J Clin Nurs. 2024 Dec 22. doi: 10.1111/jocn.17618. Online ahead of print.

Abstract

Aims: To investigate the impact of the nursing practice environment, nurse staffing, working overtime and compliance with hand hygiene standards on hospital-acquired infections.

Design: A multi-source quantitative study.

Methods: Nursing data were collected from selected wards in one hospital between 18 January 2021 and 15 March 2021. Hand hygiene compliance data were obtained retrospectively from Hand Hygiene Australia Audits between July 2018 and June 2021. Patient data were gathered from July 2018 to June 2021. Data from the three sources were linked together at the episode of care level. Descriptive statistics were used to summarise participant characteristics, and multiple logistic regression was employed to assess associations between the nursing practice environment, nurse staffing, overtime and hand hygiene with hospital-acquired infections.

Results: A total of 361 nurses participated in the nursing survey. There were 13,440 hand hygiene moments assessed, and 10,924 (81.3%) correct practices were observed.
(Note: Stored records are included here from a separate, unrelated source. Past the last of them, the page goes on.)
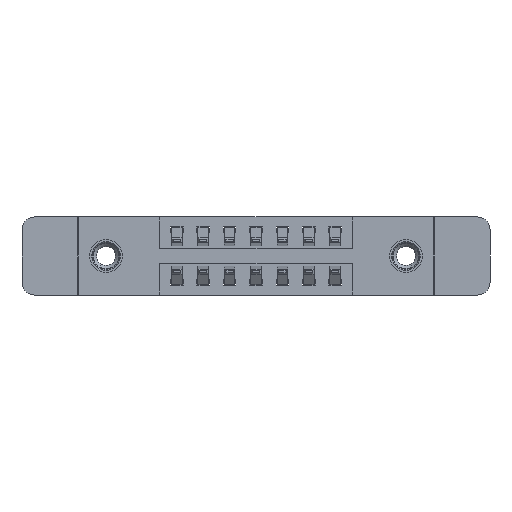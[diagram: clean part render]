
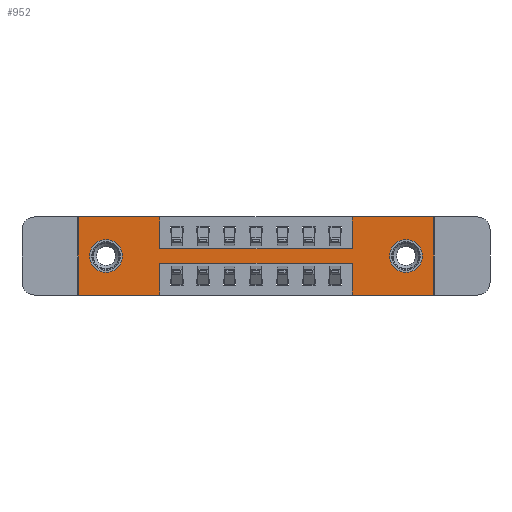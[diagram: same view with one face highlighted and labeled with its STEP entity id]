
A CAD part, front view. The second image highlights one B-rep face of the part: STEP entity #952.
In plain terms, the highlighted planar face has unit normal (0, -1, 0).
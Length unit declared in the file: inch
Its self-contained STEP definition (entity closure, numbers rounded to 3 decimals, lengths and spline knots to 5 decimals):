
#58 = DIRECTION ( 'NONE',  ( 1., 0., 0. ) ) ;
#687 = VERTEX_POINT ( 'NONE', #13858 ) ;
#697 = VERTEX_POINT ( 'NONE', #3337 ) ;
#783 = EDGE_LOOP ( 'NONE', ( #7142, #6881 ) ) ;
#918 = DIRECTION ( 'NONE',  ( 1., 0., 0. ) ) ;
#952 = ADVANCED_FACE ( 'NONE', ( #11654, #3317, #11360 ), #3396, .T. ) ;
#980 = CARTESIAN_POINT ( 'NONE',  ( 1.5525, 0., -0.263 ) ) ;
#1155 = LINE ( 'NONE', #3756, #10089 ) ;
#1255 = LINE ( 'NONE', #1475, #2417 ) ;
#1335 = VECTOR ( 'NONE', #58, 39.37008 ) ;
#1386 = CARTESIAN_POINT ( 'NONE',  ( 0.3875, 0., -0.22 ) ) ;
#1389 = VECTOR ( 'NONE', #7458, 39.37008 ) ;
#1393 = EDGE_CURVE ( 'NONE', #7303, #11986, #10765, .T. ) ;
#1475 = CARTESIAN_POINT ( 'NONE',  ( 0., 0., -0.37 ) ) ;
#1824 = AXIS2_PLACEMENT_3D ( 'NONE', #6319, #12090, #14339 ) ;
#2163 = CARTESIAN_POINT ( 'NONE',  ( 1.2975, 0., -0.37 ) ) ;
#2196 = ORIENTED_EDGE ( 'NONE', *, *, #12562, .F. ) ;
#2417 = VECTOR ( 'NONE', #10731, 39.37008 ) ;
#2419 = VERTEX_POINT ( 'NONE', #10724 ) ;
#2440 = ORIENTED_EDGE ( 'NONE', *, *, #5811, .F. ) ;
#2454 = CARTESIAN_POINT ( 'NONE',  ( 0.1325, 0., -0.185 ) ) ;
#2739 = DIRECTION ( 'NONE',  ( 0., 0., 1. ) ) ;
#2753 = CARTESIAN_POINT ( 'NONE',  ( 0.1325, 0., -0.185 ) ) ;
#3099 = EDGE_CURVE ( 'NONE', #13364, #8170, #9205, .T. ) ;
#3198 = ORIENTED_EDGE ( 'NONE', *, *, #10166, .F. ) ;
#3317 = FACE_BOUND ( 'NONE', #5843, .T. ) ;
#3337 = CARTESIAN_POINT ( 'NONE',  ( 1.2975, 0., -0.15 ) ) ;
#3396 = PLANE ( 'NONE',  #3512 ) ;
#3512 = AXIS2_PLACEMENT_3D ( 'NONE', #12650, #6811, #10366 ) ;
#3683 = VERTEX_POINT ( 'NONE', #4979 ) ;
#3756 = CARTESIAN_POINT ( 'NONE',  ( 1.2975, 0., 0. ) ) ;
#3764 = VECTOR ( 'NONE', #10425, 39.37008 ) ;
#3813 = ORIENTED_EDGE ( 'NONE', *, *, #7047, .T. ) ;
#3856 = EDGE_CURVE ( 'NONE', #10172, #11469, #12711, .T. ) ;
#3863 = VECTOR ( 'NONE', #7265, 39.37008 ) ;
#4292 = CARTESIAN_POINT ( 'NONE',  ( 1.685, 0., -0.37 ) ) ;
#4451 = EDGE_CURVE ( 'NONE', #11986, #7303, #9333, .T. ) ;
#4710 = LINE ( 'NONE', #11758, #1335 ) ;
#4782 = VECTOR ( 'NONE', #13708, 39.37008 ) ;
#4900 = CARTESIAN_POINT ( 'NONE',  ( 0., 0., 0. ) ) ;
#4912 = CARTESIAN_POINT ( 'NONE',  ( 0.3875, 0., -0.37 ) ) ;
#4949 = LINE ( 'NONE', #6022, #1389 ) ;
#4979 = CARTESIAN_POINT ( 'NONE',  ( 0., 0., 0. ) ) ;
#5022 = ORIENTED_EDGE ( 'NONE', *, *, #11429, .F. ) ;
#5285 = VERTEX_POINT ( 'NONE', #4292 ) ;
#5355 = CARTESIAN_POINT ( 'NONE',  ( 0.3875, 0., -0.15 ) ) ;
#5640 = DIRECTION ( 'NONE',  ( 0., 0., 1. ) ) ;
#5781 = DIRECTION ( 'NONE',  ( 0., 0., -1. ) ) ;
#5811 = EDGE_CURVE ( 'NONE', #697, #13364, #1155, .T. ) ;
#5843 = EDGE_LOOP ( 'NONE', ( #3813, #9453 ) ) ;
#5878 = VECTOR ( 'NONE', #918, 39.37008 ) ;
#6022 = CARTESIAN_POINT ( 'NONE',  ( 0., 0., -0.37 ) ) ;
#6319 = CARTESIAN_POINT ( 'NONE',  ( 1.5525, 0., -0.185 ) ) ;
#6499 = CIRCLE ( 'NONE', #10590, 0.078 ) ;
#6554 = DIRECTION ( 'NONE',  ( 0., 0., 1. ) ) ;
#6767 = CARTESIAN_POINT ( 'NONE',  ( 1.2975, 0., -0.37 ) ) ;
#6774 = ORIENTED_EDGE ( 'NONE', *, *, #3099, .F. ) ;
#6811 = DIRECTION ( 'NONE',  ( 0., -1., 0. ) ) ;
#6881 = ORIENTED_EDGE ( 'NONE', *, *, #4451, .T. ) ;
#7047 = EDGE_CURVE ( 'NONE', #8950, #2419, #6499, .T. ) ;
#7142 = ORIENTED_EDGE ( 'NONE', *, *, #1393, .T. ) ;
#7265 = DIRECTION ( 'NONE',  ( -1., 0., 0. ) ) ;
#7303 = VERTEX_POINT ( 'NONE', #14856 ) ;
#7304 = CARTESIAN_POINT ( 'NONE',  ( 0.1325, 0., -0.107 ) ) ;
#7306 = CARTESIAN_POINT ( 'NONE',  ( 0., 0., 0. ) ) ;
#7458 = DIRECTION ( 'NONE',  ( -1., 0., 0. ) ) ;
#7771 = CARTESIAN_POINT ( 'NONE',  ( 0., 0., 0. ) ) ;
#7942 = VECTOR ( 'NONE', #8925, 39.37008 ) ;
#8030 = LINE ( 'NONE', #12659, #3863 ) ;
#8123 = ORIENTED_EDGE ( 'NONE', *, *, #13392, .F. ) ;
#8170 = VERTEX_POINT ( 'NONE', #14760 ) ;
#8293 = DIRECTION ( 'NONE',  ( 0., 0., 1. ) ) ;
#8419 = AXIS2_PLACEMENT_3D ( 'NONE', #2753, #12021, #6554 ) ;
#8502 = LINE ( 'NONE', #7306, #13041 ) ;
#8508 = EDGE_CURVE ( 'NONE', #2419, #8950, #11095, .T. ) ;
#8515 = DIRECTION ( 'NONE',  ( 1., 0., 0. ) ) ;
#8876 = CARTESIAN_POINT ( 'NONE',  ( 1.2975, 0., -0.22 ) ) ;
#8925 = DIRECTION ( 'NONE',  ( 0., 0., -1. ) ) ;
#8950 = VERTEX_POINT ( 'NONE', #7304 ) ;
#9000 = CARTESIAN_POINT ( 'NONE',  ( 1.685, 0., 0. ) ) ;
#9035 = VERTEX_POINT ( 'NONE', #6767 ) ;
#9141 = CARTESIAN_POINT ( 'NONE',  ( 1.2975, 0., 0. ) ) ;
#9205 = LINE ( 'NONE', #7771, #5878 ) ;
#9290 = EDGE_CURVE ( 'NONE', #14707, #14031, #13414, .T. ) ;
#9333 = CIRCLE ( 'NONE', #1824, 0.078 ) ;
#9453 = ORIENTED_EDGE ( 'NONE', *, *, #8508, .T. ) ;
#9514 = DIRECTION ( 'NONE',  ( 0., 0., 1. ) ) ;
#9673 = VERTEX_POINT ( 'NONE', #8876 ) ;
#9895 = EDGE_CURVE ( 'NONE', #8170, #5285, #12268, .T. ) ;
#10089 = VECTOR ( 'NONE', #8293, 39.37008 ) ;
#10166 = EDGE_CURVE ( 'NONE', #3683, #14707, #14433, .T. ) ;
#10172 = VERTEX_POINT ( 'NONE', #1386 ) ;
#10366 = DIRECTION ( 'NONE',  ( 0., 0., -1. ) ) ;
#10425 = DIRECTION ( 'NONE',  ( 0., 0., -1. ) ) ;
#10568 = DIRECTION ( 'NONE',  ( 0., 1., 0. ) ) ;
#10590 = AXIS2_PLACEMENT_3D ( 'NONE', #2454, #10568, #9514 ) ;
#10674 = EDGE_CURVE ( 'NONE', #5285, #9035, #4949, .T. ) ;
#10724 = CARTESIAN_POINT ( 'NONE',  ( 0.1325, 0., -0.263 ) ) ;
#10725 = EDGE_CURVE ( 'NONE', #687, #3683, #8502, .T. ) ;
#10731 = DIRECTION ( 'NONE',  ( -1., 0., 0. ) ) ;
#10765 = CIRCLE ( 'NONE', #14196, 0.078 ) ;
#11095 = CIRCLE ( 'NONE', #8419, 0.078 ) ;
#11360 = FACE_OUTER_BOUND ( 'NONE', #13262, .T. ) ;
#11405 = ORIENTED_EDGE ( 'NONE', *, *, #14704, .F. ) ;
#11429 = EDGE_CURVE ( 'NONE', #9673, #10172, #8030, .T. ) ;
#11469 = VERTEX_POINT ( 'NONE', #4912 ) ;
#11621 = ORIENTED_EDGE ( 'NONE', *, *, #10674, .F. ) ;
#11654 = FACE_BOUND ( 'NONE', #783, .T. ) ;
#11684 = ORIENTED_EDGE ( 'NONE', *, *, #9290, .F. ) ;
#11758 = CARTESIAN_POINT ( 'NONE',  ( 0.3875, 0., -0.15 ) ) ;
#11833 = ORIENTED_EDGE ( 'NONE', *, *, #9895, .F. ) ;
#11986 = VERTEX_POINT ( 'NONE', #980 ) ;
#12021 = DIRECTION ( 'NONE',  ( 0., 1., 0. ) ) ;
#12025 = VECTOR ( 'NONE', #5640, 39.37008 ) ;
#12090 = DIRECTION ( 'NONE',  ( 0., 1., 0. ) ) ;
#12268 = LINE ( 'NONE', #9000, #7942 ) ;
#12390 = ORIENTED_EDGE ( 'NONE', *, *, #10725, .F. ) ;
#12470 = ORIENTED_EDGE ( 'NONE', *, *, #3856, .F. ) ;
#12562 = EDGE_CURVE ( 'NONE', #11469, #687, #1255, .T. ) ;
#12650 = CARTESIAN_POINT ( 'NONE',  ( 0., 0., -0.37 ) ) ;
#12659 = CARTESIAN_POINT ( 'NONE',  ( 0.3875, 0., -0.22 ) ) ;
#12686 = DIRECTION ( 'NONE',  ( 0., 1., 0. ) ) ;
#12711 = LINE ( 'NONE', #14747, #3764 ) ;
#12840 = CARTESIAN_POINT ( 'NONE',  ( 1.5525, 0., -0.185 ) ) ;
#13041 = VECTOR ( 'NONE', #2739, 39.37008 ) ;
#13262 = EDGE_LOOP ( 'NONE', ( #12470, #5022, #8123, #11621, #11833, #6774, #2440, #11405, #11684, #3198, #12390, #2196 ) ) ;
#13364 = VERTEX_POINT ( 'NONE', #9141 ) ;
#13392 = EDGE_CURVE ( 'NONE', #9035, #9673, #13678, .T. ) ;
#13414 = LINE ( 'NONE', #14608, #4782 ) ;
#13678 = LINE ( 'NONE', #2163, #12025 ) ;
#13708 = DIRECTION ( 'NONE',  ( 0., 0., -1. ) ) ;
#13858 = CARTESIAN_POINT ( 'NONE',  ( 0., 0., -0.37 ) ) ;
#13945 = CARTESIAN_POINT ( 'NONE',  ( 0.3875, 0., 0. ) ) ;
#14031 = VERTEX_POINT ( 'NONE', #5355 ) ;
#14196 = AXIS2_PLACEMENT_3D ( 'NONE', #12840, #12686, #5781 ) ;
#14339 = DIRECTION ( 'NONE',  ( 0., 0., -1. ) ) ;
#14433 = LINE ( 'NONE', #4900, #14946 ) ;
#14608 = CARTESIAN_POINT ( 'NONE',  ( 0.3875, 0., 0. ) ) ;
#14704 = EDGE_CURVE ( 'NONE', #14031, #697, #4710, .T. ) ;
#14707 = VERTEX_POINT ( 'NONE', #13945 ) ;
#14747 = CARTESIAN_POINT ( 'NONE',  ( 0.3875, 0., -0.37 ) ) ;
#14760 = CARTESIAN_POINT ( 'NONE',  ( 1.685, 0., 0. ) ) ;
#14856 = CARTESIAN_POINT ( 'NONE',  ( 1.5525, 0., -0.107 ) ) ;
#14946 = VECTOR ( 'NONE', #8515, 39.37008 ) ;

There were 71,257 patient care episodes, including 2037 with hospital-acquired infections. The odds of hospital-acquired infections decreased by 19% for every 10% increase in nurses' compliance with hand hygiene and decreased by 7% for each one standard deviation increase in the nursing practice environment scale. Each additional patient per nurse was associated with a 42% increase in the odds of a hospital-acquired infection.

Conclusion: This study found evidence that a favourable nursing practice environment, reduced nurse workload and compliance with hand hygiene are linked to a lower risk of hospital-acquired infections.

Impact: A favourable nursing practice environment contributes to fewer hospital-acquired infections. Monitoring of hand hygiene compliance provides important local information to support improvements in practice. Findings from this study can be used to support the implementation of safe nurse staffing policies that guide implementation of nurse-to-patient ratios.

Reporting method: RECORD Checklist.

Patient or public contribution: No Patient/Public Contribution.

Keywords: hand hygiene; hand hygiene compliance; hospital‐acquired infections; nurse staffing; nursing practice environment; overtime.